Thanks - so now it's 

300
310
320, 3000 lbs.
325
400

Turns out that w-h due to vehicle weight due to rolling resistance is negligible \/

rolling resistance is 0.01 so 
a 1000kg car needs 10 kg to push it	
10	=kg of rolling resistance
1610	=distance in meters
116160	=calc'd ft-lbs
43.75	=calc'd w-h/mile

but weight will affect acceleration.

As to units, etc., that can be sorted out into subcategories of vehicles. That's later. This is for kind of a global overview.

Turns out that doing the stats on five values is not so easy
http://en.wikipedia.org/wiki/Quartile


----------



## dtbaker (Jan 5, 2008)

dladd said:


> I think you need to qualify any data here with how you obtained the numbers. Is it read off an AH counter multiplied by nominal voltage? a computer that takes instantaneous voltage into account? From the wall before the charger? Too many different ways to get the same number. Or at least a number with the same units.



excellent point DLADD.

this number will vary HUGELY depending on vehicle, speed, terrain, driving style, and whether its 'at the wall', or reported by in-car meter like Cycle Analyst, evDisplay, etc.
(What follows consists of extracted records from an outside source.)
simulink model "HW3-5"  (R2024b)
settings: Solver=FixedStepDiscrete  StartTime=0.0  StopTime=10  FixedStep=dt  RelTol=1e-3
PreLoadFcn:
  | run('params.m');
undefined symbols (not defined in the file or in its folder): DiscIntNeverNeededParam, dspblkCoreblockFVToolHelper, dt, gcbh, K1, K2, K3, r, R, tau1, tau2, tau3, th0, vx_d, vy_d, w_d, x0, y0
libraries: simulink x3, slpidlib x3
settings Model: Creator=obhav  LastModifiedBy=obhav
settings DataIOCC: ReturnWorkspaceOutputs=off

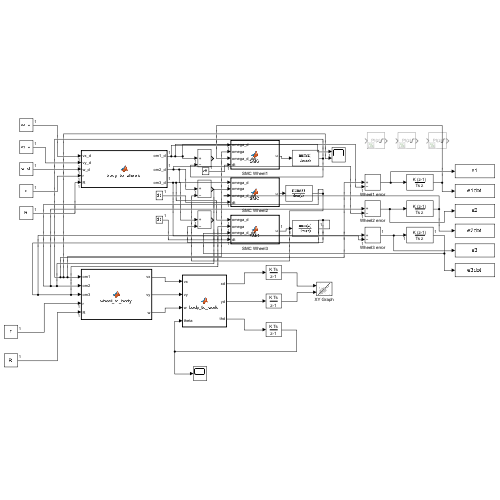
[thumbnail: Simulink's stored preview of the top-level diagram]
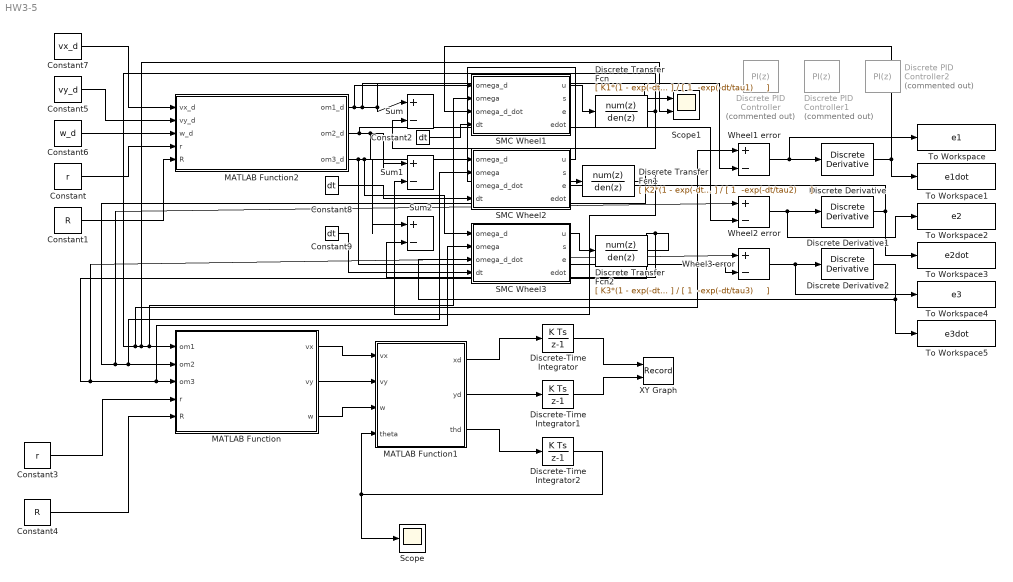
== system HW3-5 ==
  Constant : Constant  Value=r
  Constant1 : Constant  Value=R
  Constant2 : Constant  Value=dt
  Constant3 : Constant  Value=r
  Constant4 : Constant  Value=R
  Constant5 : Constant  Value=vy_d
  Constant6 : Constant  Value=w_d
  Constant7 : Constant  Value=vx_d
  Constant8 : Constant  Value=dt
  Constant9 : Constant  Value=dt
  Discrete Transfer Fcn : DiscreteTransferFcn  LoadFcn=dspblkCoreblockFVToolHelper(gcbh,'load');  Numerator=[ K1*(1 - exp(-dt/tau1)) ]  Denominator="[ 1  -exp(-dt/tau1)     ]"
      settings: CopyFcn=dspblkCoreblockFVToolHelper(gcbh,'copy');  DeleteFcn=dspblkCoreblockFVToolHelper(gcbh,'close');  ModelCloseFcn=dspblkCoreblockFVToolHelper(gcbh,'close');  PreSaveFcn=dspblkCoreblockFVToolHelper(gcbh,'presave');  PostSaveFcn=dspblkCoreblockFVToolHelper(gcbh,'postsave');  CloseFcn=dspblkCoreblockFVToolHelper(gcbh,'close');
  Discrete Transfer Fcn1 : DiscreteTransferFcn  LoadFcn=dspblkCoreblockFVToolHelper(gcbh,'load');  Numerator=[ K2*(1 - exp(-dt/tau2)) ]  Denominator="[ 1  -exp(-dt/tau2)     ]"
      settings: CopyFcn=dspblkCoreblockFVToolHelper(gcbh,'copy');  DeleteFcn=dspblkCoreblockFVToolHelper(gcbh,'close');  ModelCloseFcn=dspblkCoreblockFVToolHelper(gcbh,'close');  PreSaveFcn=dspblkCoreblockFVToolHelper(gcbh,'presave');  PostSaveFcn=dspblkCoreblockFVToolHelper(gcbh,'postsave');  CloseFcn=dspblkCoreblockFVToolHelper(gcbh,'close');
  Discrete Transfer Fcn2 : DiscreteTransferFcn  LoadFcn=dspblkCoreblockFVToolHelper(gcbh,'load');  Numerator=[ K3*(1 - exp(-dt/tau3)) ]  Denominator="[ 1  -exp(-dt/tau3)     ]"
      settings: CopyFcn=dspblkCoreblockFVToolHelper(gcbh,'copy');  DeleteFcn=dspblkCoreblockFVToolHelper(gcbh,'close');  ModelCloseFcn=dspblkCoreblockFVToolHelper(gcbh,'close');  PreSaveFcn=dspblkCoreblockFVToolHelper(gcbh,'presave');  PostSaveFcn=dspblkCoreblockFVToolHelper(gcbh,'postsave');  CloseFcn=dspblkCoreblockFVToolHelper(gcbh,'close');
  Discrete Derivative : simulink/Discrete/Discrete Derivative  gainval=1.0  ICPrevScaledInput=0.0  OutMin=[]  OutMax=[]  OutDataType=fixdt(1, 16)  OutScaling=2^-10  DoSatur=off
  Discrete Derivative1 : simulink/Discrete/Discrete Derivative  gainval=1.0  ICPrevScaledInput=0.0  OutMin=[]  OutMax=[]  OutDataType=fixdt(1, 16)  OutScaling=2^-10  DoSatur=off
  Discrete Derivative2 : simulink/Discrete/Discrete Derivative  gainval=1.0  ICPrevScaledInput=0.0  OutMin=[]  OutMax=[]  OutDataType=fixdt(1, 16)  OutScaling=2^-10  DoSatur=off
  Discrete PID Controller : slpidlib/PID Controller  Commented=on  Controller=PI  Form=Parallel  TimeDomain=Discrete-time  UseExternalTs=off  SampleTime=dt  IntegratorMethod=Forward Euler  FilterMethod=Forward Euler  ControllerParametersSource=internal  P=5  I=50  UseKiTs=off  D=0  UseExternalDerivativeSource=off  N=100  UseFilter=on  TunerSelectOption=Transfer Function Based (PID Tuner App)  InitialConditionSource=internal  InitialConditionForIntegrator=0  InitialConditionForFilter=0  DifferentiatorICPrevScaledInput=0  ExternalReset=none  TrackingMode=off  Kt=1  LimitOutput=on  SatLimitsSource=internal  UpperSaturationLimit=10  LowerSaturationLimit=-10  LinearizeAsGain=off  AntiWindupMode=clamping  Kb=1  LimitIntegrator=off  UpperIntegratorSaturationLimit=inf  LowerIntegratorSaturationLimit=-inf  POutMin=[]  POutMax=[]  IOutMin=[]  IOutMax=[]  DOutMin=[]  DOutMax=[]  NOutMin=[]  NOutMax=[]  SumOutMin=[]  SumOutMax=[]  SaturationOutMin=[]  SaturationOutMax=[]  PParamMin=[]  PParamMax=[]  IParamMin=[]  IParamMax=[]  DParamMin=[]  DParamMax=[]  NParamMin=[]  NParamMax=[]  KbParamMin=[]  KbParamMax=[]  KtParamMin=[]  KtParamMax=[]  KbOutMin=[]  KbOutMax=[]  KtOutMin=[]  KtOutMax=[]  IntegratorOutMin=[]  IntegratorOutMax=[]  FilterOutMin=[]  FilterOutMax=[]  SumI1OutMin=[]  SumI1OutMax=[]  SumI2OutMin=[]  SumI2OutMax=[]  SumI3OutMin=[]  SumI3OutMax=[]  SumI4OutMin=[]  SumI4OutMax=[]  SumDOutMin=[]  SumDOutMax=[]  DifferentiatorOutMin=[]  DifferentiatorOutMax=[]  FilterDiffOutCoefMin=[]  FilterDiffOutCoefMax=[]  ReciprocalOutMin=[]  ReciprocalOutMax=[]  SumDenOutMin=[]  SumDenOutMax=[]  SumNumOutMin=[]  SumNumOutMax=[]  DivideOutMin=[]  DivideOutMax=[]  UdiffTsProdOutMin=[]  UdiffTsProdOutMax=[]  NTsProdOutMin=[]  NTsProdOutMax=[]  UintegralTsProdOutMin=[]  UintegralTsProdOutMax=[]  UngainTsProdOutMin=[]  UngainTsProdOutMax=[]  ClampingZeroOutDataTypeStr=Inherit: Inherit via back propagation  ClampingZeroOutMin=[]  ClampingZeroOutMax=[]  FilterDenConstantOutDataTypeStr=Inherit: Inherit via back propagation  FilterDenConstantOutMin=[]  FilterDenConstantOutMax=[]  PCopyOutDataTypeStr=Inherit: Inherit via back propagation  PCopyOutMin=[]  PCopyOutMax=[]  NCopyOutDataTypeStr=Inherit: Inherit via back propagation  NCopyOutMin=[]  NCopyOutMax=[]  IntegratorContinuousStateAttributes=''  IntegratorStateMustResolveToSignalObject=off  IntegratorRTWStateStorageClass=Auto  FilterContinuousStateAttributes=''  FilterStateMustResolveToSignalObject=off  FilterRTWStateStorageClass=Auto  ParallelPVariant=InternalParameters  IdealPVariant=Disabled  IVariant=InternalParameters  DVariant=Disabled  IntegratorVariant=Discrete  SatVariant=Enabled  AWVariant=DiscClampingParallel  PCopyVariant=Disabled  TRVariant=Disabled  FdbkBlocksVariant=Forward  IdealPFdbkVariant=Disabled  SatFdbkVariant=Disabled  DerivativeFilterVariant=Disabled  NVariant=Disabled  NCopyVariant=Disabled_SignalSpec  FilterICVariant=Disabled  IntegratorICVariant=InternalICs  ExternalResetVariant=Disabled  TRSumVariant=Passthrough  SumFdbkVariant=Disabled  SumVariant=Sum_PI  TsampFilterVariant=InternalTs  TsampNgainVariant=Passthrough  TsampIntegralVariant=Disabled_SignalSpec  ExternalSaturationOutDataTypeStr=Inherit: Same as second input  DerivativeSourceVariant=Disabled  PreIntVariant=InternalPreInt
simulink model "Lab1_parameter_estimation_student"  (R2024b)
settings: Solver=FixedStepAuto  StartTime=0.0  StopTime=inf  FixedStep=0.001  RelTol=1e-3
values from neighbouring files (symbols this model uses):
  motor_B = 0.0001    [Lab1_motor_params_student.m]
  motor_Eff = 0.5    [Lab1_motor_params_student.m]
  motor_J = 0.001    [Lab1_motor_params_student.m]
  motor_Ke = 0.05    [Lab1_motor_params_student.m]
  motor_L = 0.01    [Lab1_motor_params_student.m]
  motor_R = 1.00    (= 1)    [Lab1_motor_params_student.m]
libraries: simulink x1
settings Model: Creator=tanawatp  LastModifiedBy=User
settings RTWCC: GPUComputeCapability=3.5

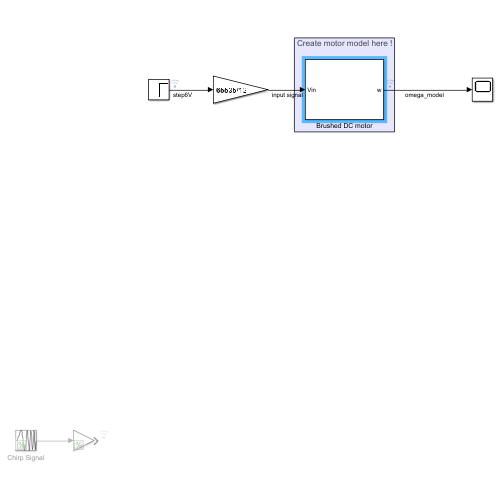
[thumbnail: Simulink's stored preview of the top-level diagram]
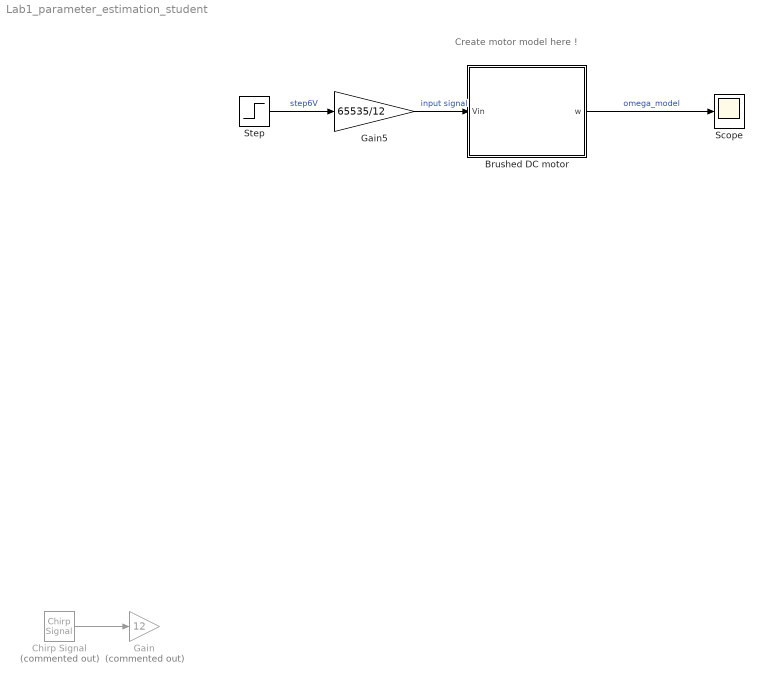
== system Lab1_parameter_estimation_student ==
  note: Create motor model here !
  Brushed DC motor : Subsystem
  Chirp Signal : simulink/Sources/Chirp Signal  Commented=on  f1=0.1  T=40  f2=5
  Gain : Gain  Commented=on  Gain=12
  Gain5 : Gain  Gain=65535/12
  Scope : Scope
  Step : Step  After=12  SampleTime=0
  wires:
  Brushed DC motor/1(w) -> Scope/1  "omega_model"
  Chirp Signal/1 -> Gain/1
  Gain5/1 -> Brushed DC motor/1(Vin)  "input signal"
  Step/1 -> Gain5/1  "step6V"

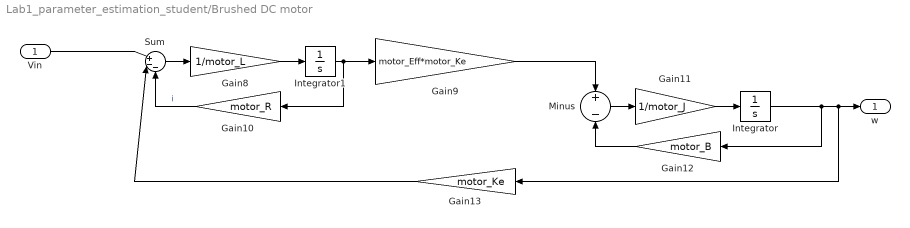
== system Lab1_parameter_estimation_student/Brushed DC motor ==
  Vin : Inport
  Gain10 : Gain  Gain=motor_R
  Gain11 : Gain  Gain=1/motor_J
  Gain12 : Gain  Gain=motor_B
  Gain13 : Gain  Gain=motor_Ke
  Gain8 : Gain  Gain=1/motor_L
  Gain9 : Gain  Gain=motor_Eff*motor_Ke
  Integrator : Integrator
  Integrator1 : Integrator
  Minus : Sum  Inputs=+-
  Sum : Sum  Inputs=|+--
  w : Outport
  wires:
  Vin/1 -> Sum/1
  Sum/1 -> Gain8/1
  Integrator1/1 -> Gain9/1, Gain10/1
  Gain8/1 -> Integrator1/1
  Gain10/1 -> Sum/3  "i"
  Gain9/1 -> Minus/1
  Integrator/1 -> Gain13/1, w/1, Gain12/1
  Gain12/1 -> Minus/2
  Minus/1 -> Gain11/1
  Gain11/1 -> Integrator/1
  Gain13/1 -> Sum/2

The difference at the wall versus in-car meter varies hugely by battery type (charge curve) and charger loss (charger eff).

in my case:
2020# vehicle w/ LiFepo4 prismatic cells, Elcon 1500 charger

over 1000 mile use I last measured 290watt-hr/mile at the wall w/ kill-a-watt meter

terrain is 'rolling', suburban traffic with 35 mph average speeds and several stops per mile on average. max speeds 55mph, driving style not ecomodding, but limited by anemic Curtis 1221 controller.


----------



## tomofreno (Mar 3, 2009)

> Turns out that w-h due to vehicle weight due to rolling resistance is negligible


 Bob Brant gives rolling resistance as 0.012*w*(1 + V/100)*cos(phi), where phi varies from 0 to 90 degree incline and w is weight. I found a coeff of 0.008 seems to fit measured results on my car better. Using that the rolling resistance force is equal the drag force at a bit over 45 mph and greater below. This is fairly typical for a sedan.

I agree with dt - kind of a worthless exercise due to all the variability. Better to ask energy/mile for a specific set of conditions.


----------



## Rational (Nov 26, 2011)

Thanks for all the info - I have some thinking to do.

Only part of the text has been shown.